Mais la con­vic­tion du chef d’en­tre­prise français étant ce qu’elle est, com­ment parvient-il à con­cili­er la faib­lesse de ses ressources per­son­nelles avec la maîtrise de la majorité financière ?

Par trois moyens :
a) en sous-esti­mant les fonds propres,
b) en récoltant le max­i­mum de subventions,
c) en souscrivant des emprunts per­son­nels non gagés sur l’entreprise.

Ain­si pour un besoin réel de fonds pro­pres de 2 000 KF, le chef d’en­tre­prise qui ne dis­pose que de 400 KF d’é­pargne personnelle :
— réé­val­ue le besoin à 1 500 KF,
— se fait octroy­er 350 KF de primes et sub­ven­tions, + 150 KF de prêt personnel.

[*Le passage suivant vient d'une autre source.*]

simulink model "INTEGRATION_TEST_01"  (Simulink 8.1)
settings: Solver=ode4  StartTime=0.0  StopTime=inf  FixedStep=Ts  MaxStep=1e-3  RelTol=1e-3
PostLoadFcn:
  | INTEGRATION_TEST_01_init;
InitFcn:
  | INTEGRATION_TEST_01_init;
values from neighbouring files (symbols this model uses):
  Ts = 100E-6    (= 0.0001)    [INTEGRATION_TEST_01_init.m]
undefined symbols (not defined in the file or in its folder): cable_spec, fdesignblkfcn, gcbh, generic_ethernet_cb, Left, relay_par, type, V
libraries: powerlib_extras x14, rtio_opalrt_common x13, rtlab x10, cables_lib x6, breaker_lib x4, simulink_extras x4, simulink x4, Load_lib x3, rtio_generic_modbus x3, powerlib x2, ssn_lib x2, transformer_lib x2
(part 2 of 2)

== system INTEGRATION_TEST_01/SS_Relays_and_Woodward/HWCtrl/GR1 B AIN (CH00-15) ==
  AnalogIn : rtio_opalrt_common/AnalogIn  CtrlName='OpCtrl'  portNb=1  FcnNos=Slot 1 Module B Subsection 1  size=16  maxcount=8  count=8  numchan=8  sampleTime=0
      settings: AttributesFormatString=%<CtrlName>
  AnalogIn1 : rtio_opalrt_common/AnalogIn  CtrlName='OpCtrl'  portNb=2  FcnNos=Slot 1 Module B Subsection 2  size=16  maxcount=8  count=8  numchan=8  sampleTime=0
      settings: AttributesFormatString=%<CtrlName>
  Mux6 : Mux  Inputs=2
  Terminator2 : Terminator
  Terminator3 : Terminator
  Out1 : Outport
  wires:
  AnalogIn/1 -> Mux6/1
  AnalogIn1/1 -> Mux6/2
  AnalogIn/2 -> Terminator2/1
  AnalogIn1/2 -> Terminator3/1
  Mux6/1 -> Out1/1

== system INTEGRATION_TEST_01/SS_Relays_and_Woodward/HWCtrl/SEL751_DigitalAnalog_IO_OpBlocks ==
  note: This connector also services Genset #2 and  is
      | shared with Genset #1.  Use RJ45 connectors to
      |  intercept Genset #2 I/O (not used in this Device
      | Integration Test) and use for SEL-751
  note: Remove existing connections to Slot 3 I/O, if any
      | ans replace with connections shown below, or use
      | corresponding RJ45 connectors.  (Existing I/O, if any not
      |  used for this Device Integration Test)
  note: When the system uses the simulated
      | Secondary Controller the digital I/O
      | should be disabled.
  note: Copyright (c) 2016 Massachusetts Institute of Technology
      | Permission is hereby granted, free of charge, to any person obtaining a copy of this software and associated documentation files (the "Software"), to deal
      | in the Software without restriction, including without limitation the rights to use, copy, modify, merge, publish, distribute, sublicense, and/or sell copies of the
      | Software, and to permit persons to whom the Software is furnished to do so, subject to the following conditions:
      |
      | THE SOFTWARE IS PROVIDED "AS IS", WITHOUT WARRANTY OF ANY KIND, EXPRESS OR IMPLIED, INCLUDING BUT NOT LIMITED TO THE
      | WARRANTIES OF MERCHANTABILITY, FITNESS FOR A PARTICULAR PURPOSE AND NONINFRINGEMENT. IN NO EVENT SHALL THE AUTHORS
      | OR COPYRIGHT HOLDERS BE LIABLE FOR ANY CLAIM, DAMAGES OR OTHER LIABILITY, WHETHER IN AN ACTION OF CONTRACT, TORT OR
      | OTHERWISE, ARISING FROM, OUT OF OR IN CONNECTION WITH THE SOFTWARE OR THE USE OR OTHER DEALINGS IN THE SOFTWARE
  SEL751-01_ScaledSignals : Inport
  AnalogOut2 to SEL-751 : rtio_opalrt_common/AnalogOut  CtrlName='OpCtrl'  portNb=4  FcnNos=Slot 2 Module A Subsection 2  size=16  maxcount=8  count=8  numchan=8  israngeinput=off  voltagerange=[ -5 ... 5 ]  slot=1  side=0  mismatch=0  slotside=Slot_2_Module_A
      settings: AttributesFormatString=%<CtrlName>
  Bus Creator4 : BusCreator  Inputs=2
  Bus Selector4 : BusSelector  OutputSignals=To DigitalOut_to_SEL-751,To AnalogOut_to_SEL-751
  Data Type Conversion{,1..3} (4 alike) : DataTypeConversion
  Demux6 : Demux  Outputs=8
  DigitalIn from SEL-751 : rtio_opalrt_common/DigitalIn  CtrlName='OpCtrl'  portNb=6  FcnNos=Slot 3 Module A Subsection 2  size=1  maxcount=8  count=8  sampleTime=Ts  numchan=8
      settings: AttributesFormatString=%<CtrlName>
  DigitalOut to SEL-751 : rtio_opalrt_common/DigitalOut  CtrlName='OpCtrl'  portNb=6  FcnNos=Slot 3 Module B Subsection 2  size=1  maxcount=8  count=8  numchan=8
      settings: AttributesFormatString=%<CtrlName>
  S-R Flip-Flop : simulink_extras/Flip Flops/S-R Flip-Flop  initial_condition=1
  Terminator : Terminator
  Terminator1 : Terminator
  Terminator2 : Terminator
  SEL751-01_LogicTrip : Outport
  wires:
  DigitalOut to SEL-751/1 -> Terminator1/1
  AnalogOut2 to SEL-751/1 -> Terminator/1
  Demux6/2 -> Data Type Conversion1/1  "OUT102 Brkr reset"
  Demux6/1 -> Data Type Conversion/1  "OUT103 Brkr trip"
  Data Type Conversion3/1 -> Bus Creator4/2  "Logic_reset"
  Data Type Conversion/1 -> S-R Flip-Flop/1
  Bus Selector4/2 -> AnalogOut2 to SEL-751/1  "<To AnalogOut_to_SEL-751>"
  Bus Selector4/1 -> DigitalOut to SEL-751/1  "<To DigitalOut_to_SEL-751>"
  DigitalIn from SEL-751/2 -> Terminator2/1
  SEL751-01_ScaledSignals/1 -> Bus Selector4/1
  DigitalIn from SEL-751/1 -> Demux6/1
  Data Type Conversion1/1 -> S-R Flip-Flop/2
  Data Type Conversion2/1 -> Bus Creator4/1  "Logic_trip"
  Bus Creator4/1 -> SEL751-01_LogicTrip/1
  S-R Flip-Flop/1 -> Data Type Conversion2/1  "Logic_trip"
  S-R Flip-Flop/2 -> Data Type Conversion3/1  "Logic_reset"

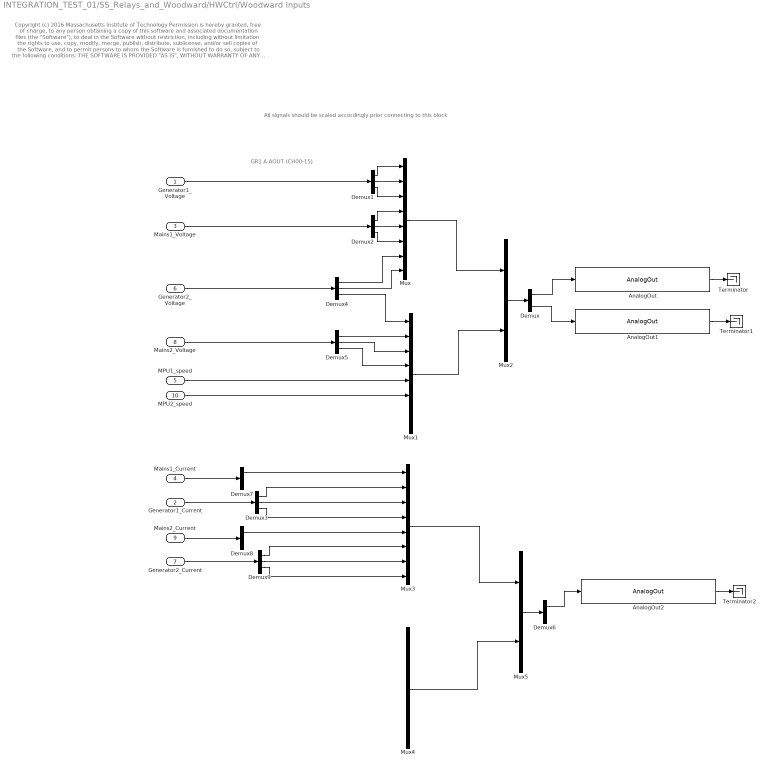
== system INTEGRATION_TEST_01/SS_Relays_and_Woodward/HWCtrl/Woodward Inputs ==
  note: All signals should be scaled accordingly prior connecting to this block
  note: GR1 A AOUT (CH00-15)
  note: Copyright (c) 2016 Massachusetts Institute of Technology
      | Permission is hereby granted, free of charge, to any person obtaining a copy of this software and associated documentation files (the "Software"), to deal
      | in the Software without restriction, including without limitation the rights to use, copy, modify, merge, publish, distribute, sublicense, and/or sell copies of the
      | Software, and to permit persons to whom the Software is furnished to do so, subject to the following conditions:
      |
      | THE SOFTWARE IS PROVIDED "AS IS", WITHOUT WARRANTY OF ANY KIND, EXPRESS OR IMPLIED, INCLUDING BUT NOT LIMITED TO THE
      | WARRANTIES OF MERCHANTABILITY, FITNESS FOR A PARTICULAR PURPOSE AND NONINFRINGEMENT. IN NO EVENT SHALL THE AUTHORS
      | OR COPYRIGHT HOLDERS BE LIABLE FOR ANY CLAIM, DAMAGES OR OTHER LIABILITY, WHETHER IN AN ACTION OF CONTRACT, TORT OR
      | OTHERWISE, ARISING FROM, OUT OF OR IN CONNECTION WITH THE SOFTWARE OR THE USE OR OTHER DEALINGS IN THE SOFTWARE
  Generator1_Voltage : Inport
  Generator1_Current : Inport  Port=2
  Mains1_Voltage : Inport  Port=3
  Mains1_Current : Inport  Port=4
  MPU1_speed : Inport  Port=5
  Generator2_Voltage : Inport  Port=6
  Generator2_Current : Inport  Port=7
  Mains2_Voltage : Inport  Port=8
  Mains2_Current : Inport  Port=9
  MPU2_speed : Inport  Port=10
  AnalogOut : rtio_opalrt_common/AnalogOut  CtrlName='OpCtrl'  portNb=1  FcnNos=Slot 1 Module A Subsection 1  size=16  maxcount=8  count=8  numchan=8  israngeinput=off  voltagerange=[-16 ... 16]  slot=0  side=0  mismatch=0  slotside=Slot_1_Module_A
      settings: AttributesFormatString=%<CtrlName>
  AnalogOut1 : rtio_opalrt_common/AnalogOut  CtrlName='OpCtrl'  portNb=2  FcnNos=Slot 1 Module A Subsection 2  size=16  maxcount=8  count=8  numchan=8  israngeinput=off  voltagerange=[-16 ... 16]  slot=0  side=0  mismatch=0  slotside=Slot_1_Module_A
      settings: AttributesFormatString=%<CtrlName>
  AnalogOut2 : rtio_opalrt_common/AnalogOut  CtrlName='OpCtrl'  portNb=3  FcnNos=Slot 2 Module A Subsection 1  size=16  maxcount=8  count=8  numchan=8  israngeinput=off  voltagerange=[-16 ... 16]  slot=1  side=0  mismatch=0  slotside=Slot_2_Module_A
      settings: AttributesFormatString=%<CtrlName>
  Demux : Demux  Outputs=2
  Demux{1..5,7..9} (8 alike) : Demux  Outputs=3
  Demux6 : Demux  Outputs=2
  Mux{,1,3..4} (4 alike) : Mux  Inputs=8
  Mux2 : Mux  Inputs=2
  Mux5 : Mux  Inputs=2
  Terminator : Terminator
  Terminator1 : Terminator
  Terminator2 : Terminator
  wires:
  Demux9/3 -> Mux3/8
  Demux9/2 -> Mux3/7
  Demux9/1 -> Mux3/6
  Generator2_Current/1 -> Demux9/1
  Demux8/1 -> Mux3/5
  Mains2_Current/1 -> Demux8/1
  MPU2_speed/1 -> Mux1/6
  Generator2_Voltage/1 -> Demux4/1
  Mains2_Voltage/1 -> Demux5/1
  Demux7/1 -> Mux3/1
  Mains1_Current/1 -> Demux7/1
  Demux3/3 -> Mux3/4
  Demux3/2 -> Mux3/3
  Demux3/1 -> Mux3/2
  Generator1_Current/1 -> Demux3/1
  AnalogOut2/1 -> Terminator2/1
  Demux6/1 -> AnalogOut2/1
  Mux3/1 -> Mux5/1
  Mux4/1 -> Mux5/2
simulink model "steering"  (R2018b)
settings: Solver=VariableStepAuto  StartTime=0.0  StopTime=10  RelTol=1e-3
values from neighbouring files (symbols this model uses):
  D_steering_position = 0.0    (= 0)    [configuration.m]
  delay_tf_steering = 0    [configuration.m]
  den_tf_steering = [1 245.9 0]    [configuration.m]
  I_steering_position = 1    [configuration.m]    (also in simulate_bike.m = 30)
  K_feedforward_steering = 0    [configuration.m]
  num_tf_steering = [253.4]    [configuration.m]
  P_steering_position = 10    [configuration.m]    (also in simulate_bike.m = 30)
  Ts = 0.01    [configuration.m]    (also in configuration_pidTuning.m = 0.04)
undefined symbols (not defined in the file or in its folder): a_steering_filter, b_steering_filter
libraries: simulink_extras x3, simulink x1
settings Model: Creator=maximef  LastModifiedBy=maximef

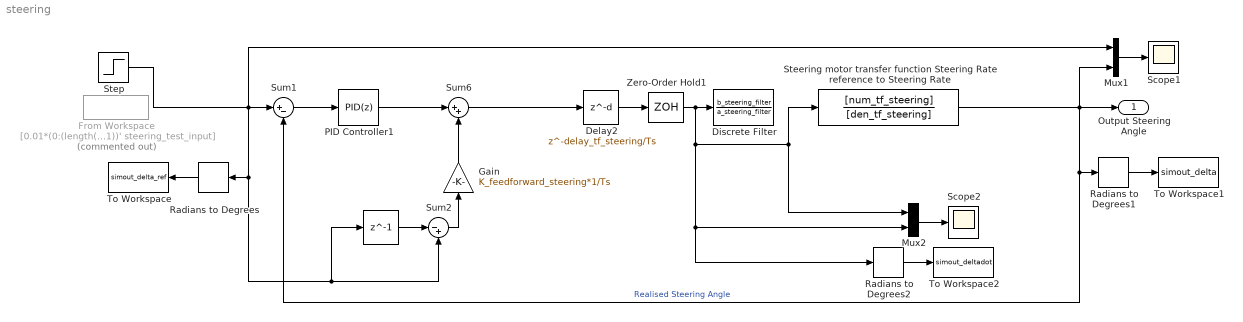
== system steering ==
  " " : Delay  DelayLength=1  SampleTime=Ts
  Delay2 : Delay  DelayLength=delay_tf_steering/Ts  SampleTime=Ts
  Discrete Filter : DiscreteFilter  Numerator=b_steering_filter  Denominator=a_steering_filter  SampleTime=Ts
  From Workspace : FromWorkspace  Commented=on  VariableName=[0.01*(0:(length(steering_test_input)-1))' steering_test_input]  SampleTime=0
  Gain : Gain  Gain=K_feedforward_steering*1/Ts
  Mux1 : Mux  Inputs=2
  Mux2 : Mux  Inputs=2
  PID Controller1 : simulink/Continuous/PID Controller  Controller=PID  Form=Parallel  TimeDomain=Discrete-time  SampleTime=Ts  IntegratorMethod=Forward Euler  FilterMethod=Forward Euler  ControllerParametersSource=internal  P=P_steering_position  I=I_steering_position  D=D_steering_position  UseFilter=off  N=1  TunerSelectOption=Transfer Function Based (PID Tuner App)  InitialConditionSource=internal  InitialConditionForIntegrator=0  InitialConditionForFilter=0  DifferentiatorICPrevScaledInput=0  ExternalReset=none  TrackingMode=off  Kt=1  LimitOutput=off  UpperSaturationLimit=inf  LowerSaturationLimit=-inf  LinearizeAsGain=on  AntiWindupMode=none  Kb=1  POutMin=[]  POutMax=[]  IOutMin=[]  IOutMax=[]  DOutMin=[]  DOutMax=[]  NOutMin=[]  NOutMax=[]  SumOutMin=[]  SumOutMax=[]  SaturationOutMin=[]  SaturationOutMax=[]  PParamMin=[]  PParamMax=[]  IParamMin=[]  IParamMax=[]  DParamMin=[]  DParamMax=[]  NParamMin=[]  NParamMax=[]  KbParamMin=[]  KbParamMax=[]  KtParamMin=[]  KtParamMax=[]  KbOutMin=[]  KbOutMax=[]  KtOutMin=[]  KtOutMax=[]  IntegratorOutMin=[]  IntegratorOutMax=[]  FilterOutMin=[]  FilterOutMax=[]  SumI1OutMin=[]  SumI1OutMax=[]  SumI2OutMin=[]  SumI2OutMax=[]  SumI3OutMin=[]  SumI3OutMax=[]  SumI4OutMin=[]  SumI4OutMax=[]  SumDOutMin=[]  SumDOutMax=[]  DifferentiatorOutMin=[]  DifferentiatorOutMax=[]  FilterDiffOutCoefMin=[]  FilterDiffOutCoefMax=[]  ReciprocalOutMin=[]  ReciprocalOutMax=[]  SumDenOutMin=[]  SumDenOutMax=[]  SumNumOutMin=[]  SumNumOutMax=[]  DivideOutMin=[]  DivideOutMax=[]  IntegratorContinuousStateAttributes=''  IntegratorStateMustResolveToSignalObject=off  IntegratorRTWStateStorageClass=Auto  FilterContinuousStateAttributes=''  FilterStateMustResolveToSignalObject=off  FilterRTWStateStorageClass=Auto  ParallelPVariant=InternalParameters  IdealPVariant=Disabled  IVariant=InternalParameters  DVariant=InternalParameters  IntegratorVariant=Discrete  SatVariant=Disabled  AWVariant=Passthrough  PCopyVariant=Disabled  TRVariant=Disabled  FdbkBlocksVariant=Forward  IdealPFdbkVariant=Disabled  SatFdbkVariant=Disabled  DerivativeFilterVariant=Differentiator  NVariant=Passthrough  NCopyVariant=Disabled_SignalSpec  FilterICVariant=InternalICsDifferentiator  IntegratorICVariant=InternalICs  ExternalResetVariant=Disabled  TRSumVariant=Passthrough  SumFdbkVariant=Disabled  SumVariant=Sum_PID
  Radians to Degrees : simulink_extras/Transformations/Radians to Degrees
  Radians to Degrees1 : simulink_extras/Transformations/Radians to Degrees
  Radians to Degrees2 : simulink_extras/Transformations/Radians to Degrees
  Scope1 : Scope
  Scope2 : Scope
  Steering motor transfer function Steering Rate reference to Steering Rate : TransferFcn  Numerator=[num_tf_steering]  Denominator=[den_tf_steering]
  Step : Step  Time=0  After=deg2rad(5)  SampleTime=0
  Sum1 : Sum  Inputs=|+-
  Sum2 : Sum  Inputs=|-+
  Sum6 : Sum  Inputs=|++
  To Workspace : ToWorkspace  VariableName=simout_delta_ref  SaveFormat=Timeseries  SampleTime=-1
  To Workspace1 : ToWorkspace  VariableName=simout_delta  SaveFormat=Timeseries  SampleTime=-1
  To Workspace2 : ToWorkspace  VariableName=simout_deltadot  SaveFormat=Timeseries  SampleTime=-1
  Zero-Order Hold1 : ZeroOrderHold  SampleTime=Ts
  Output Steering Angle : Outport
  wires:
  Steering motor transfer function Steering Rate reference to Steering Rate/1 -> Mux1/2, Radians to Degrees1/1, Sum1/2, Output Steering Angle/1  "Realised Steering Angle"
  Zero-Order Hold1/1 -> Steering motor transfer function Steering Rate reference to Steering Rate/1, Mux2/1, Radians to Degrees2/1, Mux2/2, Discrete Filter/1
  Mux2/1 -> Scope2/1
  Sum2/1 -> Gain/1
  Sum1/1 -> PID Controller1/1
  Sum6/1 -> Delay2/1
  " "/1 -> Sum2/1
  Mux1/1 -> Scope1/1
  Step/1 -> Mux1/1, Radians to Degrees/1, Sum2/2, " "/1, Sum1/1
  Delay2/1 -> Zero-Order Hold1/1
  Radians to Degrees/1 -> To Workspace/1
  Radians to Degrees1/1 -> To Workspace1/1
  PID Controller1/1 -> Sum6/1
  Radians to Degrees2/1 -> To Workspace2/1
  Gain/1 -> Sum6/2

De la sorte sa majorité est assurée à 60 % (sous réserve bien enten­du qu’il trou­ve des minori­taires, pour cou­vrir les 40 % restants). Mal­heureuse­ment la sous-esti­ma­tion des fonds pro­pres et la charge de son emprunt lui créeront de graves dif­fi­cultés dès que le besoin en fonds de roule­ment va croître.

Quelques voies de progrès

Notre objec­tif est bien évidem­ment de grossir le nom­bre et le vol­ume des pro­jets ayant un bon poten­tiel. Il serait néfaste de dur­cir beau­coup la sélec­tion ini­tiale en vue de réduire dras­tique­ment le taux d’échec, car la voca­tion des PME est de mul­ti­pli­er les audaces.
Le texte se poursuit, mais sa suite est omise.